Na quinta, sexta e sábado da semana passada ocorreu, na Universidade Estadual Paulista (UNESP) em Assis (SP), o Festival da Palavra, organizado pela direção do campus e pelo conselho administrativo do Poiesis, tendo Antônio Lázaro de Almeida Prado como um dos homenageados.
Professores, estudantes, admiradores literários, ensaístas, críticos literários e escritores participaram do evento. Por motivos de agenda, presenciei apenas o desenrolar dos atos na sexta-feira de manhã quando o poeta Almeida Prado e dois especialistas em Literatura, Márcio e Suzana, compuseram uma mesa-redonda para discorrer sobre tensão e distensão na poesia.
Márcio abriu o encontro, seguido da voz fabulosa de Suzana e, por fim, da intervenção de Almeida Prado, poeta e professor emérito da universidade. Na fecunda explicação sobre poesia, Almeida Prado me surpreendeu em dois momentos. Primeiro, ao convocar os jovens para escrever poesia. De acordo com ele, temos essa capacidade de transmutá-la ao papel. Um alfaiate que faz uma roupa ou um arquiteto que concretiza um prédio são poetas na medida em que conseguem transpor elementos do mundo natural, psicológico ou espiritual para o mundo concreto.
Embora não tenhamos conversado sobre o tema, observo que, em um segundo momento, Almeida Prado e eu comungamos de uma teoria lingüística elementar e de uma ferramenta pedagógica sutil: a liberdade. Quando discorria sobre o processo de criação literária, enfatizava que os emissores são os únicos responsáveis pela mensagem eficiente que deve chegar aos receptores. Em outras palavras, o professor é o responsável pelo insucesso dos alunos se estes não entendem a matéria. O professor (emissor) deve se preocupar com uma explicação que facilite a vida dos alunos (receptores) no estudo de uma disciplina. Se atinge esse objetivo, sua explicação (mensagem eficiente) alcançou o que podemos chamar de finalidade didática.
Neste próximo mês de outubro, se as contas não me falham, Almeida Prado completa oitenta e cinco anos. Décadas voltadas à Literatura e à cultura de maneira geral: dádivas, persistências e teimosias, principalmente para quem pretende socializar a cultura, a Literatura e a vida no velho Oeste paulista. O avanço da idade do poeta é como o vinho: permite melhor degustação com o tempo.
Uma de minhas primeiras atividades numa sala de aula: transmitir aos alunos, em eufemismos compreensíveis, que as aulas de filosofia ou de sociologia são aulas de liberdade. De modo que, sem entrar nos méritos da obra de Bobbio, permanecer ou fugir é o primeiro passo. Primeiro passo do aluno que pode procurar atividades mais interessantes. Primeiro passo do professor que tem um esboço de resultado da ação pedagógica aplicada. Pelo menos sessenta por cento dos alunos comparecem às aulas, mesmo que eu esclareça que todos têm presença garantida. O fato de participarem de aproximadamente três horas de filosofia e de sociologia traduz que, se tudo correr bem, teremos profissionais adequados para lidar com os processos de aproximação ou de separação de grupos sociais e sensíveis ao questionamento temático universal.
Alguns professores acreditam que a caderneta de presença constitui a única arma para manter o aluno em sala.
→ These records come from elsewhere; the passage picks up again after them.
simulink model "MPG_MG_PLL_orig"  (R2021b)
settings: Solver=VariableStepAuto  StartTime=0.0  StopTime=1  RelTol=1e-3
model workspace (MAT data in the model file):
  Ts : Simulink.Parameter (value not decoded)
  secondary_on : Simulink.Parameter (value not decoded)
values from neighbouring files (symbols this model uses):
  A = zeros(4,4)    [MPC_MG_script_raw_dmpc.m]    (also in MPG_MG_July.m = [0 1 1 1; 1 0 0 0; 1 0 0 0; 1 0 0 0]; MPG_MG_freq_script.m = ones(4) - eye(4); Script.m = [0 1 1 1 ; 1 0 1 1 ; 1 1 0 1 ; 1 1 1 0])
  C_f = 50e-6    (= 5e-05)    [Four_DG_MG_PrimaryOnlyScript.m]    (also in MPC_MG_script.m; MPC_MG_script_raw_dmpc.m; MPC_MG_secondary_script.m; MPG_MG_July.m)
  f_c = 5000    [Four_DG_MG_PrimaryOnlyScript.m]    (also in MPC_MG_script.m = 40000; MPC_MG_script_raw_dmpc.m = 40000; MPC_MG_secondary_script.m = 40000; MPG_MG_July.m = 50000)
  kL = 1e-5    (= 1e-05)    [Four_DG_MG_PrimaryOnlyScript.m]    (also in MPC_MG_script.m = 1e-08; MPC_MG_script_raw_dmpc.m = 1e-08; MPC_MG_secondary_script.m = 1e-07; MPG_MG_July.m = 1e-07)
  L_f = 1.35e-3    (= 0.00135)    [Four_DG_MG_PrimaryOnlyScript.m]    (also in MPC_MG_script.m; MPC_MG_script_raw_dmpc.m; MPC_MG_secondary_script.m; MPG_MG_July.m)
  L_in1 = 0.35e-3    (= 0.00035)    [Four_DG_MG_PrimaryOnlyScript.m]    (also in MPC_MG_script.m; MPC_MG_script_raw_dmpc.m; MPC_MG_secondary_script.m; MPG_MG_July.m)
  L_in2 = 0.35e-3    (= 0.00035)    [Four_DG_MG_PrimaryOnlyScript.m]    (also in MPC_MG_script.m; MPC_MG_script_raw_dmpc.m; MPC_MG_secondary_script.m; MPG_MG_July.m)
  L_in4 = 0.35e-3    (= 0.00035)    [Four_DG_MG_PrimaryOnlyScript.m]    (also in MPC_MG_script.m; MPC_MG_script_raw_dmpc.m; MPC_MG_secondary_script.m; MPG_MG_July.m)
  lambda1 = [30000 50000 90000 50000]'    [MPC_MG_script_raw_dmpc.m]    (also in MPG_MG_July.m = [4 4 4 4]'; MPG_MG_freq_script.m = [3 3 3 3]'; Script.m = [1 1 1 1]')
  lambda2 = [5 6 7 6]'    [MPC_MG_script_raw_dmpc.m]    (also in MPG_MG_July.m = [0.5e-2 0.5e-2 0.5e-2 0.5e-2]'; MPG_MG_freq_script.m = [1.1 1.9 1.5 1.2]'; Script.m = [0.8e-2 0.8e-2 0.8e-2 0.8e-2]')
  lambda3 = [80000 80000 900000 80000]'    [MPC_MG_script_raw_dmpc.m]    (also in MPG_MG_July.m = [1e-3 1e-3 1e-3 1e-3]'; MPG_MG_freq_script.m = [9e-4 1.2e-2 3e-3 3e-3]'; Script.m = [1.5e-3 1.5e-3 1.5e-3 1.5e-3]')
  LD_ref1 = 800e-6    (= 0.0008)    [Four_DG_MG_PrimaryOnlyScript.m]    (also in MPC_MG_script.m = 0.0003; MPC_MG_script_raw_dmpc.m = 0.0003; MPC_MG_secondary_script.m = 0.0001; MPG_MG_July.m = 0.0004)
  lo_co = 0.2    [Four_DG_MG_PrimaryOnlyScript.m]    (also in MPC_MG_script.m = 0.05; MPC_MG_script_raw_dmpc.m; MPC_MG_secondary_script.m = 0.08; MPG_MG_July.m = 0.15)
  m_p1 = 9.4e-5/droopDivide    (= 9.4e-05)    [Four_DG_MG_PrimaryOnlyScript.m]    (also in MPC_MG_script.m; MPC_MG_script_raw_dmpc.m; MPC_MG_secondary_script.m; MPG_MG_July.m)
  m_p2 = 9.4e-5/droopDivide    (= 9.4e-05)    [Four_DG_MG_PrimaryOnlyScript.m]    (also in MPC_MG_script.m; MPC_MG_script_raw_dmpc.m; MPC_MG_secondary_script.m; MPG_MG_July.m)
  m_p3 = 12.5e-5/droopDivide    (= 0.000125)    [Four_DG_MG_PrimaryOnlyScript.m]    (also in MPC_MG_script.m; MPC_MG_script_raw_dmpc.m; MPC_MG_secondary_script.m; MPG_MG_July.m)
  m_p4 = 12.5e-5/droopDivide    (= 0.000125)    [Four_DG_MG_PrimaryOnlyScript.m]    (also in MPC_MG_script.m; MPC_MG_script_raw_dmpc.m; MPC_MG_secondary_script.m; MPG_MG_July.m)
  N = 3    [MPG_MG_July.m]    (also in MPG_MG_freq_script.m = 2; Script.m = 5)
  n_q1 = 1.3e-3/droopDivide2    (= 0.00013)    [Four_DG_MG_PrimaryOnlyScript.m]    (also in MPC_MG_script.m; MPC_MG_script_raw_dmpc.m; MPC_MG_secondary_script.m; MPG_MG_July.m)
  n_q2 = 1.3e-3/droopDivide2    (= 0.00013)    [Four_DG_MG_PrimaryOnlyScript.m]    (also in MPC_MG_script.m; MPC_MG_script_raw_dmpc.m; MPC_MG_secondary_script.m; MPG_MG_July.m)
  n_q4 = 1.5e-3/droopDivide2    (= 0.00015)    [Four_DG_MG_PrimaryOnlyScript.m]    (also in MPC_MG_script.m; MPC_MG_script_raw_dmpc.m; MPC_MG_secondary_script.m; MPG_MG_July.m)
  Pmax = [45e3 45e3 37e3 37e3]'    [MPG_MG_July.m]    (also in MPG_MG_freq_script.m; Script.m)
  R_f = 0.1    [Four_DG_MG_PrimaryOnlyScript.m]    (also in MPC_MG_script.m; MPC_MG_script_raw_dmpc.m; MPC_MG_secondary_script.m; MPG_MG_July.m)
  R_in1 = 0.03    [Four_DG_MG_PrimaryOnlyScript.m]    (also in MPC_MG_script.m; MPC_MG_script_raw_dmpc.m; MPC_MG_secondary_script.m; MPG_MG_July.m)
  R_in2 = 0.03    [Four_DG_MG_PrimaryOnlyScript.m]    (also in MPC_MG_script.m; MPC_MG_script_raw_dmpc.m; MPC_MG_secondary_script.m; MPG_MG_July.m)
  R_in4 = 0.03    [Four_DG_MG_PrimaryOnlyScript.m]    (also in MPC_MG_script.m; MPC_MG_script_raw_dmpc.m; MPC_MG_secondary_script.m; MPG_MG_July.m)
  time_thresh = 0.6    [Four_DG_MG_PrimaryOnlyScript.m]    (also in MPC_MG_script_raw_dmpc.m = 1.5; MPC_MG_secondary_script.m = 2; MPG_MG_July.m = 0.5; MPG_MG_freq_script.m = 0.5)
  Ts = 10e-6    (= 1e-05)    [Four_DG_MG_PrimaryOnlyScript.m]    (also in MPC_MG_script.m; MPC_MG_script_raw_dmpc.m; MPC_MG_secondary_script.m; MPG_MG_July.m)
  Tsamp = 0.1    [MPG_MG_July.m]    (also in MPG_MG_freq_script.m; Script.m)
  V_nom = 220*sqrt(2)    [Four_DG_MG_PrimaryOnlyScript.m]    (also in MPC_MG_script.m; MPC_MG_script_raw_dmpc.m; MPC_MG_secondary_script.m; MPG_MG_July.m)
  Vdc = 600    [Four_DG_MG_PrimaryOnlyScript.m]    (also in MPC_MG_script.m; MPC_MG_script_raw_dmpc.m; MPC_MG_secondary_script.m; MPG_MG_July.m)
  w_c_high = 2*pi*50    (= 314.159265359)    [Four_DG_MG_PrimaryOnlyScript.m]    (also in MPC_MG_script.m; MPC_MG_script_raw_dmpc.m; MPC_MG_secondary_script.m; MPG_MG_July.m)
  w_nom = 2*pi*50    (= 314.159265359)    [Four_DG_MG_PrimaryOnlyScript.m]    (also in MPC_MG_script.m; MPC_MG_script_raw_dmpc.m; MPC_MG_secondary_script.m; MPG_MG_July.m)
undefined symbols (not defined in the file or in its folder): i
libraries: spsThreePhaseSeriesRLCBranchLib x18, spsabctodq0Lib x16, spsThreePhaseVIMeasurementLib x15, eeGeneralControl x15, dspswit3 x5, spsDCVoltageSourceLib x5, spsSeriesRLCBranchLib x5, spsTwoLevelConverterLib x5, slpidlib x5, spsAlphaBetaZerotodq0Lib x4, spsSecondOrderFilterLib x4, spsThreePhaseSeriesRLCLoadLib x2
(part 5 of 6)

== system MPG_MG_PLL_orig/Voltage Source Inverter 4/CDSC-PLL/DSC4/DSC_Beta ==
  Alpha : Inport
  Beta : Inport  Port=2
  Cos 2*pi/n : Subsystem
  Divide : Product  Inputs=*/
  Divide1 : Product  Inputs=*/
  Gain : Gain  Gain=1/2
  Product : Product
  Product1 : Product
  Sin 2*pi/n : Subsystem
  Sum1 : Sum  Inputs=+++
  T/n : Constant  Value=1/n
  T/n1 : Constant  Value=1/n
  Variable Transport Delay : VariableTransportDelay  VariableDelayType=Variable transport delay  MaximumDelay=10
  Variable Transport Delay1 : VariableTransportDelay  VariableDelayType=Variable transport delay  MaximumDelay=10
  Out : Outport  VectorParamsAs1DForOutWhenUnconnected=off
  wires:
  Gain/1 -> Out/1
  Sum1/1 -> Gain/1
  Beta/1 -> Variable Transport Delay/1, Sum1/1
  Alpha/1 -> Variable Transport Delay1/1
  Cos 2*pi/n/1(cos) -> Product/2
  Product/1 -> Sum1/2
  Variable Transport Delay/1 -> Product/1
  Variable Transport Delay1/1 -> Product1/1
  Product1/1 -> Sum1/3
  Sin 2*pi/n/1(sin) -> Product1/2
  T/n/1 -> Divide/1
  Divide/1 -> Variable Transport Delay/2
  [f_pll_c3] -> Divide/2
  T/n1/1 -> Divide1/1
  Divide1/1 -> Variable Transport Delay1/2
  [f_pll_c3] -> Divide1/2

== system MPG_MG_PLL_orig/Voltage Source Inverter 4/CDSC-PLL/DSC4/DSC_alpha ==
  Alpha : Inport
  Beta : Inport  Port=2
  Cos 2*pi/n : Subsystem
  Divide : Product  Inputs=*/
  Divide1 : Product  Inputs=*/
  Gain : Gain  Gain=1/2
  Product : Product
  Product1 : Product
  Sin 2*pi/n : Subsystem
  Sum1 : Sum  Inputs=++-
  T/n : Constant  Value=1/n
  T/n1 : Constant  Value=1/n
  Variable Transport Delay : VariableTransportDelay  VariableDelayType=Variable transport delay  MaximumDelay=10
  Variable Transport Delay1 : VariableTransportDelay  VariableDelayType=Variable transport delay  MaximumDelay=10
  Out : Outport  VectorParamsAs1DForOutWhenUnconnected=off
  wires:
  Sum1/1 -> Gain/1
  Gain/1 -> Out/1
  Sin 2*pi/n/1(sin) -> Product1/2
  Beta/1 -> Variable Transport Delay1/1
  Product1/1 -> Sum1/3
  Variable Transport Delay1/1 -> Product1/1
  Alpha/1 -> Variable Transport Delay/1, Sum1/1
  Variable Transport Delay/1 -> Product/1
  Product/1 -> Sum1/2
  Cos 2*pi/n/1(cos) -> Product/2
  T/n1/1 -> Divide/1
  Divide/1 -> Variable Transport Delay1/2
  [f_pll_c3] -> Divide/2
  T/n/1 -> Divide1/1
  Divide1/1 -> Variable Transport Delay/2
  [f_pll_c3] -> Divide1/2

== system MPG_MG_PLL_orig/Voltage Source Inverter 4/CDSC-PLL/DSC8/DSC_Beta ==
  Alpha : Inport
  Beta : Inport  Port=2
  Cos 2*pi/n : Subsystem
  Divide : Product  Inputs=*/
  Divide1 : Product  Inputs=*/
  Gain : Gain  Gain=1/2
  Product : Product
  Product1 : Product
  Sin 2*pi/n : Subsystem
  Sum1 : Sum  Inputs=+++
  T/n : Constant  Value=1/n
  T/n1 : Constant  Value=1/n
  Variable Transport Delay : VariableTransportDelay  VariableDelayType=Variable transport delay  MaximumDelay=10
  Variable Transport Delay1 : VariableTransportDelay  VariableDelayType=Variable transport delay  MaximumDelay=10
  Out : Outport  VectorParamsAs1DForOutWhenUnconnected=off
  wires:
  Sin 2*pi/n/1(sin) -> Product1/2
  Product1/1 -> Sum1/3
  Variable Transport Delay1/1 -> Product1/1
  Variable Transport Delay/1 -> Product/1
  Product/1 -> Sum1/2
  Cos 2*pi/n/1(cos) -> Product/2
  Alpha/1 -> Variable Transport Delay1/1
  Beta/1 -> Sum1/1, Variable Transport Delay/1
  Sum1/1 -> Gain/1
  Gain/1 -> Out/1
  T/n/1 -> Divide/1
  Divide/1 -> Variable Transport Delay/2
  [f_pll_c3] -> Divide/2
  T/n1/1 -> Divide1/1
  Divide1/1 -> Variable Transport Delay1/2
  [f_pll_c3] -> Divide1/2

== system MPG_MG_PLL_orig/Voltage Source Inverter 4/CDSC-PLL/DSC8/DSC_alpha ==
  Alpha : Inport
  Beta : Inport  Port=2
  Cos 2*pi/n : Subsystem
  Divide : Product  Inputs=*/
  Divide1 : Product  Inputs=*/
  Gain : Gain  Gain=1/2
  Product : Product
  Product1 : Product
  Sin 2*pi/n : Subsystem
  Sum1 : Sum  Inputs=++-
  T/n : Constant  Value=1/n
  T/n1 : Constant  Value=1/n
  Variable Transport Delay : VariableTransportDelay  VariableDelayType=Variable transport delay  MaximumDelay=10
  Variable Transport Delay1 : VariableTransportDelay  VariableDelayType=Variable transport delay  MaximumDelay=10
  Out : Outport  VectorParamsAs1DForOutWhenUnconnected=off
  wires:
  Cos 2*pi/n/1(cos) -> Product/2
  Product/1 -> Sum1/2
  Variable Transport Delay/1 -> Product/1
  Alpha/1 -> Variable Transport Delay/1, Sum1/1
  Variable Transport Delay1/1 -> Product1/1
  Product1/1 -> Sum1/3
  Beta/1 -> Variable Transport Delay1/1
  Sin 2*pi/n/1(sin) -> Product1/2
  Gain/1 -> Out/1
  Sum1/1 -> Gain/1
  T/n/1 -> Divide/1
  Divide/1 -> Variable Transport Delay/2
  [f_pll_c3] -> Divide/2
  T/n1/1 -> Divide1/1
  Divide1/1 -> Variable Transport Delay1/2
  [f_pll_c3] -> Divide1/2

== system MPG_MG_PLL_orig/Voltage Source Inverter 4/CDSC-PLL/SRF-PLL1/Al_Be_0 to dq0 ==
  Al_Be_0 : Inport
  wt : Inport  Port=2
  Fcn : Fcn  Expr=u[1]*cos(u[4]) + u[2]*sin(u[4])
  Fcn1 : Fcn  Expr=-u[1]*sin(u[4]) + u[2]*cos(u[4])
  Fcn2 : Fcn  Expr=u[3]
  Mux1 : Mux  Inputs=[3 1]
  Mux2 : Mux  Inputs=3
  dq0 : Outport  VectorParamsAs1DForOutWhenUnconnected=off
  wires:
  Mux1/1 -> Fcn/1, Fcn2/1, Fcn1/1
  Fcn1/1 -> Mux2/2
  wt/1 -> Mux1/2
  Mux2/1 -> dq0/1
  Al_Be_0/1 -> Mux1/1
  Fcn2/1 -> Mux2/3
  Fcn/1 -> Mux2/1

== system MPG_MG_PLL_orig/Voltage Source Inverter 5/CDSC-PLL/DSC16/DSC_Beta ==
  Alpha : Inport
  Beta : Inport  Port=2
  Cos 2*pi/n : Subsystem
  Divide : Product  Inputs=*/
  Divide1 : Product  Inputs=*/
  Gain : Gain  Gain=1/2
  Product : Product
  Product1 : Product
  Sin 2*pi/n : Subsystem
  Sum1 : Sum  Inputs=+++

Prender o corpo e não controlar o espírito desemboca naquela história infantil de Rubem Alves. Não me lembro o título do livro, mas o cronista conta que um passarinho e uma menina se dão muito bem. De tempos em tempos o passarinho levanta vôo, fica uns dias fora e depois volta alimentando, como sugere o narrador, a saudade que torna a vida mais doce. Um dia a menina resolve engaiolar o passarinho que perde sua alegria de viver, sua vontade de sonhar e sua coragem de romper espaços.
Certamente não sou o mais preparado para tratar de métodos pedagógicos, mas Educação e Poesia estão visceralmente entrelaçadas e, aliando as observações de Almeida Prado à história infantil de Rubem Alves, concluímos que os alunos e os leitores são como pássaros: devemos deixar a gaiola aberta para que passeiem onde, como e onde queiram. Se voltarem à sala de aula ou à poesia, constataremos que a saudade, ingrediente dos grandes amores fraternos, denuncia nossa união de afinidades, de simpatias e de paixões.
*Publicado originalmente na coluna Ficções, no Caderno Tem!, do Oeste Notícias (Presidente Prudente – SP) de 24 de setembro de 2010.